#### Supplied records ####

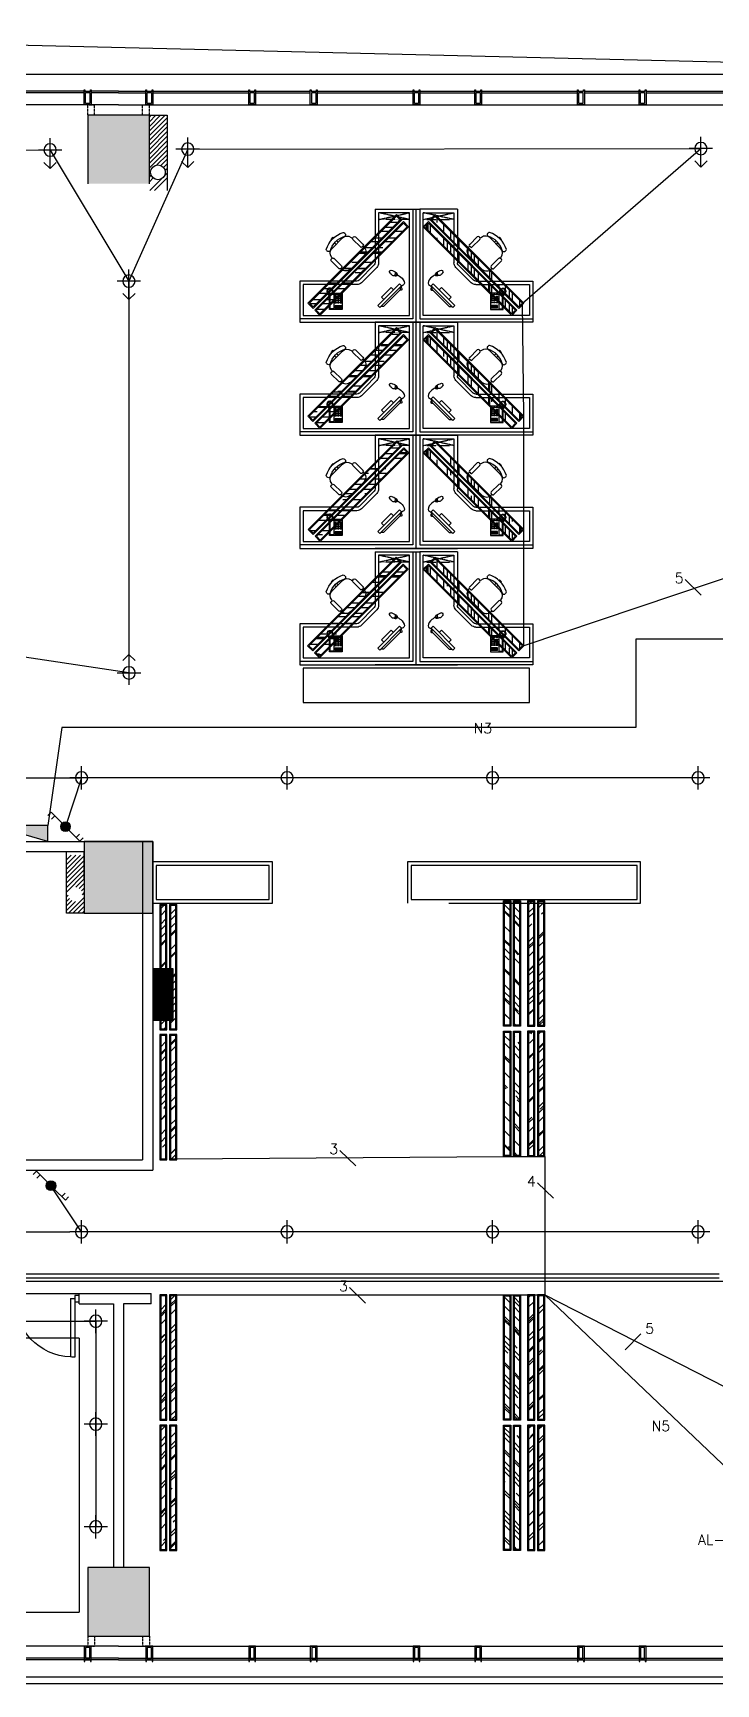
# Model space of a CAD drawing. Header units: inches. Extents: x 10 to 166961, y -47 to 131592.
# Drawn here: x 57853 to 67822, y 21014 to 45114 of the extents above; entities that cross this region are included whole.
import ezdxf

# ---------------------------------------------------------------- set-up
doc = ezdxf.new("R2010")
doc.units = ezdxf.units.IN
doc.header["$MEASUREMENT"] = 0
for name, pattern in [('CONTINOUS', [0]), ('DASH', [0.35, 0.25, -0.1]), ('HIDDEN', [0.375, 0.25, -0.125])]:
    doc.linetypes.add(name, pattern=pattern)
for name, color, linetype in [('2', 2, 'Continuous'), ('4', 4, 'Continuous'), ('6', 6, 'Continuous'), ('8', 8, 'Continuous'), ('C-02 天花灯具', 4, 'Continuous'), ('D-电气标号', 7, 'Continuous'), ('METAL', 7, 'Continuous'), ('Shearwall', 7, 'Continuous'), ('shearwall-bh', 253, 'Continuous'), ('stair', 2, 'Continuous'), ('wall', 2, 'Continuous'), ('windows', 4, 'Continuous'), ('ZT-开关线路图', 2, 'Continuous'), ('修改', 1, 'Continuous'), ('天花', 4, 'Continuous'), ('尺寸3', 31, 'Continuous'), ('插座图', 4, 'Continuous')]:
    doc.layers.add(name, color=color, linetype=linetype)
doc.styles.add('_TCH_LABEL', font='complex_.ttf', dxfattribs={"bigfont": 'GBCBIG'})
doc.styles.get("Standard").update_dxf_attribs({"font": 'txt', "bigfont": 'gbcbig.shx'})

# ---------------------------------------------------------------- blocks, each defined once
blk = doc.blocks.new('*X54')
at = {"color": 0}
for p, q in [((-250, 33), (-83, 200)), ((-250, 68), (-118, 200)), ((-250, 104), (-154, 200)), ((-250, 139), (-189, 200)), ((-250, 174), (-224, 200)), ((-247, 0), (-47, 200)), ((-212, 0), (-12, 200)), ((-177, 0), (23, 200)), ((-141, 0), (59, 200)), ((-106, 0), (94, 200)), ((-71, 0), (129, 200)), ((-35, 0), (165, 200)), ((0, 0), (200, 200)), ((35, 0), (235, 200)), ((71, 0), (250, 179)), ((106, 0), (250, 144)), ((141, 0), (250, 109)), ((177, 0), (250, 73)), ((212, 0), (250, 38)), ((247, 0), (250, 3))]:
    blk.add_line(p, q, dxfattribs=at)
blk = doc.blocks.new('Metal')
at = {"layer": 'METAL', "color": 4}
for points in [[(-50, 20), (-40, 20), (-40, 0), (40, 0), (40, 20), (50, 20), (50, -200), (-50, -200)], [(-30, -20), (30, -20), (30, -180), (-30, -180)]]:
    blk.add_lwpolyline(points, close=True, dxfattribs=at)
blk = doc.blocks.new('7676567')
h = blk.add_hatch()
h.set_pattern_fill('AR-RROOF', color=251, scale=150, angle=45, style=0)
h.set_pattern_definition([(45, (-600, -223.5), (127.28, 339.411), [2250, -300, 750, -150]), (45, (-511.97, -29.4), (-247.134, 35.002), [450, -49.5, 900, -112.5]), (45, (-637.12, -80.31), (480.479, 622.6075), [1200, -210, 600, -150])])
h.paths.add_polyline_path([(0, -172.5), (600, -172.5), (600, -223.5), (0, -223.5)])
h.paths.add_polyline_path([(-600, -172.5), (0, -172.5), (0, -223.5), (-600, -223.5)])
blk.add_lwpolyline([(-610, -162.5), (610, -162.5), (610, -233.5), (-610, -233.5)], close=True)
at = {"color": 251}
blk.add_lwpolyline([(-600, -172.5), (600, -172.5), (600, -223.5), (-600, -223.5)], close=True, dxfattribs=at)
blk = doc.blocks.new('gw')
at = {"layer": '2', "color": 252}
for p, q in [((1005037, 168644, 470), (1005037, 168694, 470)), ((1005037, 168694, 470), (1006737, 168694, 470)), ((1006687, 168644, 470), (1005037, 168644, 470)), ((1006737, 168694, 470), (1006137, 168694, 470)), ((1006737, 168694, 470), (1006137, 168694, 470)), ((1006687, 167044, 470), (1006687, 168644, 470)), ((1006737, 168694, 470), (1007337, 168694, 470)), ((1006737, 168694, 470), (1007337, 168694, 470)), ((1008437, 168694, 470), (1006737, 168694, 470)), ((1006737, 168694, 470), (1006737, 167044, 470)), ((1006787, 167044, 470), (1006787, 168644, 470)), ((1006787, 168644, 470), (1008437, 168644, 470)), ((1008437, 168644, 470), (1008437, 168694, 470)), ((1006137, 167044, 470), (1006687, 167044, 470)), ((1006687, 167044, 470), (1006787, 167044, 470)), ((1007337, 167044, 470), (1006787, 167044, 470))]:
    blk.add_line(p, q, dxfattribs=at)
at = {"layer": '6', "color": 252}
for p, q in [((1005037, 168094, 470), (1005037, 168644, 470)), ((1008437, 168094, 470), (1008437, 168644, 470)), ((1005869, 168094, 470), (1005037, 168094, 470)), ((1006124, 167857, 470), (1005901, 168081, 470)), ((1007350, 167857, 470), (1007574, 168081, 470)), ((1007606, 168094, 470), (1008437, 168094, 470)), ((1005605, 167909, 470), (1005495, 167799, 470)), ((1005495, 167772, 470), (1005507, 167760, 470)), ((1005509, 167759, 470), (1005502, 167747, 470)), ((1005534, 167760, 470), (1005644, 167871, 470)), ((1005644, 167898, 470), (1005633, 167909, 470)), ((1005638, 167912, 470), (1005634, 167907, 470)), ((1005970, 167726, 470), (1005779, 167917, 470)), ((1006137, 167044, 470), (1006137, 167825, 470)), ((1007337, 167044, 470), (1007337, 167825, 470)), ((1007505, 167726, 470), (1007695, 167917, 470)), ((1007830, 167898, 470), (1007842, 167909, 470)), ((1007941, 167760, 470), (1007830, 167871, 470)), ((1007836, 167912, 470), (1007840, 167907, 470)), ((1007869, 167909, 470), (1007979, 167799, 470)), ((1007966, 167759, 470), (1007972, 167747, 470)), ((1007979, 167772, 470), (1007968, 167760, 470)), ((1005438, 167655, 470), (1005431, 167648, 470)), ((1005507, 167616, 470), (1005658, 167463, 470)), ((1005566, 167556, 470), (1005545, 167536, 470)), ((1005575, 167505, 470), (1005596, 167526, 470)), ((1005920, 167594, 470), (1005810, 167484, 470)), ((1005849, 167446, 470), (1005959, 167556, 470)), ((1005959, 167583, 470), (1005947, 167594, 470)), ((1005960, 167582, 470), (1005961, 167583, 470)), ((1007515, 167582, 470), (1007513, 167583, 470)), ((1007516, 167583, 470), (1007527, 167594, 470)), ((1007626, 167446, 470), (1007516, 167556, 470)), ((1007554, 167594, 470), (1007664, 167484, 470)), ((1007968, 167616, 470), (1007816, 167463, 470)), ((1007899, 167505, 470), (1007878, 167526, 470)), ((1007908, 167556, 470), (1007929, 167536, 470)), ((1008037, 167655, 470), (1008044, 167648, 470)), ((1005502, 167493, 470), (1005493, 167483, 470)), ((1005493, 167483, 470), (1005523, 167453, 470)), ((1005523, 167453, 470), (1005533, 167462, 470)), ((1005688, 167390, 470), (1005695, 167397, 470)), ((1005786, 167456, 470), (1005805, 167465, 470)), ((1005810, 167457, 470), (1005822, 167446, 470)), ((1007664, 167457, 470), (1007653, 167446, 470)), ((1007688, 167456, 470), (1007669, 167465, 470)), ((1007786, 167390, 470), (1007779, 167397, 470)), ((1007951, 167453, 470), (1007942, 167462, 470)), ((1007982, 167483, 470), (1007951, 167453, 470)), ((1007972, 167493, 470), (1007982, 167483, 470))]:
    blk.add_line(p, q, dxfattribs=at)
for centre, start, end in [((1005869, 168049, 470), 45, 90), ((1007606, 168049, 470), 90, 135), ((1006092, 167825, 470), 0, 45), ((1007382, 167825, 470), 135, 180)]:
    blk.add_arc(centre, 45, start, end, dxfattribs=at)
for centre, major_axis, start_param, end_param in [((1005575, 167684, 470), (68, -68), 3.212044, 4.709722), ((1005509, 167785, 470), (13.6, -13.6), 3.141593, 4.712389), ((1005520, 167774, 470), (13.6, -13.6), 4.712389, 6.283185), ((1005619, 167895, 470), (13.6, -13.6), 1.570796, 3.141593), ((1005711, 167849, 470), (68, -68), 1.570796, 3.212044), ((1005630, 167884, 470), (13.6, -13.6), 0, 1.570796), ((1005451, 167627, 470), (20.4, -20.4), 3.141593, 3.846821), ((1005790, 167750, 470), (274, -274), 4.241936, 5.182842), ((1005451, 167627, 470), (-20.4, -20.4), 6.269503, 6.283185), ((1005458, 167634, 470), (20.4, -20.4), 1.570796, 3.141593), ((1005785, 167744, 470), (226, -226), 4.211213, 5.213565), ((1005934, 167581, 470), (13.6, -13.6), 1.570796, 3.141593), ((1005945, 167569, 470), (13.6, -13.6), 0, 1.570796), ((1005902, 167658, 470), (68, -68), -0.116909, 1.570796), ((1005668, 167411, 470), (20.4, -20.4), 4.712389, 4.726071), ((1005726, 167531, 470), (68, -68), 4.709722, 6.166276), ((1005668, 167411, 470), (20.4, -20.4), -0.705229, 0), ((1005675, 167418, 470), (20.4, -20.4), 0, 1.570796), ((1005824, 167471, 470), (13.6, -13.6), 3.141593, 4.712389), ((1005835, 167459, 470), (13.6, -13.6), 4.712389, 6.283185)]:
    blk.add_ellipse(centre, major_axis=major_axis, ratio=1, start_param=start_param, end_param=end_param, dxfattribs=at)
at = {"layer": '6', "color": 252, "extrusion": (0, 0, -1)}
for centre, major_axis, start_param, end_param in [((1007763, 167849, 470), (-68, -68), 1.570796, 3.212044), ((1007844, 167884, 470), (-13.6, -13.6), 0, 1.570796), ((1007855, 167895, 470), (-13.6, -13.6), 1.570796, 3.141593), ((1007954, 167774, 470), (-13.6, -13.6), 4.712389, 6.283185), ((1007900, 167684, 470), (-68, -68), 3.212044, 4.709722), ((1007965, 167785, 470), (-13.6, -13.6), 3.141593, 4.712389), ((1007573, 167658, 470), (-68, -68), -0.116909, 1.570796), ((1007529, 167569, 470), (-13.6, -13.6), 0, 1.570796), ((1007541, 167581, 470), (-13.6, -13.6), 1.570796, 3.141593), ((1007690, 167744, 470), (-226, -226), 4.211213, 5.213565), ((1007684, 167750, 470), (-274, -274), 4.241936, 5.182842), ((1008016, 167634, 470), (-20.4, -20.4), 1.570796, 3.141593), ((1008023, 167627, 470), (-20.4, -20.4), 3.141593, 3.846821), ((1008023, 167627, 470), (20.4, -20.4), 6.269503, 6.283185), ((1007639, 167459, 470), (-13.6, -13.6), 4.712389, 6.283185), ((1007651, 167471, 470), (-13.6, -13.6), 3.141593, 4.712389), ((1007748, 167531, 470), (-68, -68), 4.709722, 6.166276), ((1007799, 167418, 470), (-20.4, -20.4), 0, 1.570796), ((1007806, 167411, 470), (-20.4, -20.4), -0.705229, 0), ((1007806, 167411, 470), (-20.4, -20.4), 4.712389, 4.726071)]:
    blk.add_ellipse(centre, major_axis=major_axis, ratio=1, start_param=start_param, end_param=end_param, dxfattribs=at)
at = {"layer": '8', "color": 252}
for p, q in [((1005087, 168144, 470), (1005087, 168594, 470)), ((1005087, 168594, 470), (1006637, 168594, 470)), ((1005655, 168506, 470), (1005469, 168506, 470)), ((1005469, 168506, 470), (1005469, 168306, 470)), ((1005480, 168497, 470), (1005480, 168284, 470)), ((1005535, 168497, 470), (1005480, 168497, 470)), ((1005535, 168284, 470), (1005535, 168497, 470)), ((1005554, 168487, 470), (1005554, 168447, 470)), ((1005554, 168487, 470), (1005646, 168487, 470)), ((1005554, 168477, 470), (1005646, 168477, 470)), ((1005554, 168467, 470), (1005646, 168467, 470)), ((1005646, 168487, 470), (1005646, 168447, 470)), ((1005655, 168269, 470), (1005655, 168506, 470)), ((1006637, 168594, 470), (1006637, 167094, 470)), ((1008387, 168594, 470), (1006837, 168594, 470)), ((1006837, 168594, 470), (1006837, 167094, 470)), ((1007819, 168269, 470), (1007819, 168506, 470)), ((1007819, 168506, 470), (1008005, 168506, 470)), ((1007829, 168487, 470), (1007829, 168447, 470)), ((1007920, 168487, 470), (1007829, 168487, 470)), ((1007920, 168477, 470), (1007829, 168477, 470)), ((1007920, 168467, 470), (1007829, 168467, 470)), ((1007920, 168487, 470), (1007920, 168447, 470)), ((1007940, 168284, 470), (1007940, 168497, 470)), ((1007940, 168497, 470), (1007994, 168497, 470)), ((1007994, 168497, 470), (1007994, 168284, 470)), ((1008005, 168506, 470), (1008005, 168306, 470)), ((1008387, 168144, 470), (1008387, 168594, 470)), ((1005432, 168253, 470), (1005439, 168254, 470)), ((1005432, 168245, 470), (1005432, 168253, 470)), ((1005440, 168245, 470), (1005432, 168245, 470)), ((1005432, 168242, 470), (1005440, 168245, 470)), ((1005432, 168236, 470), (1005432, 168242, 470)), ((1005439, 168233, 470), (1005432, 168236, 470)), ((1005433, 168231, 470), (1005439, 168233, 470)), ((1005434, 168224, 470), (1005433, 168231, 470)), ((1005442, 168225, 470), (1005434, 168224, 470)), ((1005436, 168259, 470), (1005438, 168265, 470)), ((1005439, 168254, 470), (1005436, 168259, 470)), ((1005437, 168219, 470), (1005442, 168225, 470)), ((1005439, 168215, 470), (1005437, 168219, 470)), ((1005438, 168265, 470), (1005445, 168264, 470)), ((1005441, 168271, 470), (1005445, 168278, 470)), ((1005445, 168264, 470), (1005441, 168271, 470)), ((1005443, 168256, 470), (1005442, 168230, 470)), ((1005442, 168230, 470), (1005452, 168214, 470)), ((1005454, 168275, 470), (1005443, 168256, 470)), ((1005445, 168278, 470), (1005452, 168277, 470)), ((1005448, 168283, 470), (1005450, 168287, 470)), ((1005452, 168277, 470), (1005448, 168283, 470)), ((1005450, 168289, 470), (1005452, 168292, 470)), ((1005453, 168286, 470), (1005450, 168289, 470)), ((1005450, 168287, 470), (1005453, 168286, 470)), ((1005452, 168292, 470), (1005457, 168291, 470)), ((1005460, 168286, 470), (1005454, 168275, 470)), ((1005457, 168291, 470), (1005458, 168295, 470)), ((1005459, 168289, 470), (1005457, 168288, 470)), ((1005457, 168288, 470), (1005460, 168286, 470)), ((1005458, 168295, 470), (1005460, 168299, 470)), ((1005460, 168291, 470), (1005459, 168289, 470)), ((1005460, 168299, 470), (1005480, 168315, 470)), ((1005464, 168296, 470), (1005460, 168291, 470)), ((1005480, 168307, 470), (1005464, 168296, 470)), ((1005469, 168300, 470), (1005469, 168269, 470)), ((1005469, 168269, 470), (1005505, 168269, 470)), ((1005480, 168284, 470), (1005535, 168284, 470)), ((1005496, 168212, 470), (1005506, 168223, 470)), ((1005504, 168275, 470), (1005503, 168284, 470)), ((1005505, 168269, 470), (1005504, 168275, 470)), ((1005504, 168258, 470), (1005507, 168263, 470)), ((1005507, 168253, 470), (1005504, 168258, 470)), ((1005507, 168263, 470), (1005505, 168269, 470)), ((1005506, 168223, 470), (1005511, 168238, 470)), ((1005507, 168284, 470), (1005507, 168283, 470)), ((1005507, 168283, 470), (1005508, 168271, 470)), ((1005511, 168238, 470), (1005507, 168253, 470)), ((1005508, 168271, 470), (1005511, 168265, 470)), ((1005509, 168269, 470), (1005655, 168269, 470)), ((1005509, 168221, 470), (1005512, 168215, 470)), ((1005516, 168219, 470), (1005509, 168221, 470)), ((1005517, 168256, 470), (1005510, 168252, 470)), ((1005510, 168252, 470), (1005518, 168250, 470)), ((1005511, 168265, 470), (1005511, 168263, 470)), ((1005511, 168263, 470), (1005514, 168261, 470)), ((1005520, 168244, 470), (1005512, 168240, 470)), ((1005512, 168240, 470), (1005521, 168237, 470)), ((1005520, 168231, 470), (1005512, 168230, 470)), ((1005512, 168230, 470), (1005518, 168224, 470)), ((1005514, 168261, 470), (1005517, 168256, 470)), ((1005518, 168224, 470), (1005516, 168219, 470)), ((1005518, 168250, 470), (1005520, 168244, 470)), ((1005521, 168237, 470), (1005520, 168231, 470)), ((1005549, 168399, 470), (1005549, 168411, 470)), ((1005549, 168411, 470), (1005573, 168411, 470)), ((1005573, 168399, 470), (1005549, 168399, 470)), ((1005549, 168371, 470), (1005549, 168383, 470)), ((1005549, 168383, 470), (1005573, 168383, 470)), ((1005573, 168371, 470), (1005549, 168371, 470)), ((1005549, 168344, 470), (1005549, 168356, 470)), ((1005549, 168356, 470), (1005573, 168356, 470)), ((1005573, 168344, 470), (1005549, 168344, 470)), ((1005549, 168319, 470), (1005549, 168331, 470)), ((1005549, 168331, 470), (1005573, 168331, 470)), ((1005573, 168319, 470), (1005549, 168319, 470)), ((1005549, 168281, 470), (1005549, 168293, 470)), ((1005549, 168293, 470), (1005573, 168293, 470)), ((1005573, 168281, 470), (1005549, 168281, 470)), ((1005554, 168457, 470), (1005646, 168457, 470)), ((1005554, 168447, 470), (1005646, 168447, 470)), ((1005573, 168411, 470), (1005573, 168399, 470)), ((1005573, 168383, 470), (1005573, 168371, 470)), ((1005573, 168356, 470), (1005573, 168344, 470)), ((1005573, 168331, 470), (1005573, 168319, 470)), ((1005573, 168293, 470), (1005573, 168281, 470)), ((1005586, 168399, 470), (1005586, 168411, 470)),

####

Your objective: Collect the lines of the data that carry the word "blocks".

Output of the task:
# ---------------------------------------------------------------- blocks, each defined once
blk = doc.blocks.new('*X54')
blk = doc.blocks.new('Metal')
blk = doc.blocks.new('7676567')
blk = doc.blocks.new('gw')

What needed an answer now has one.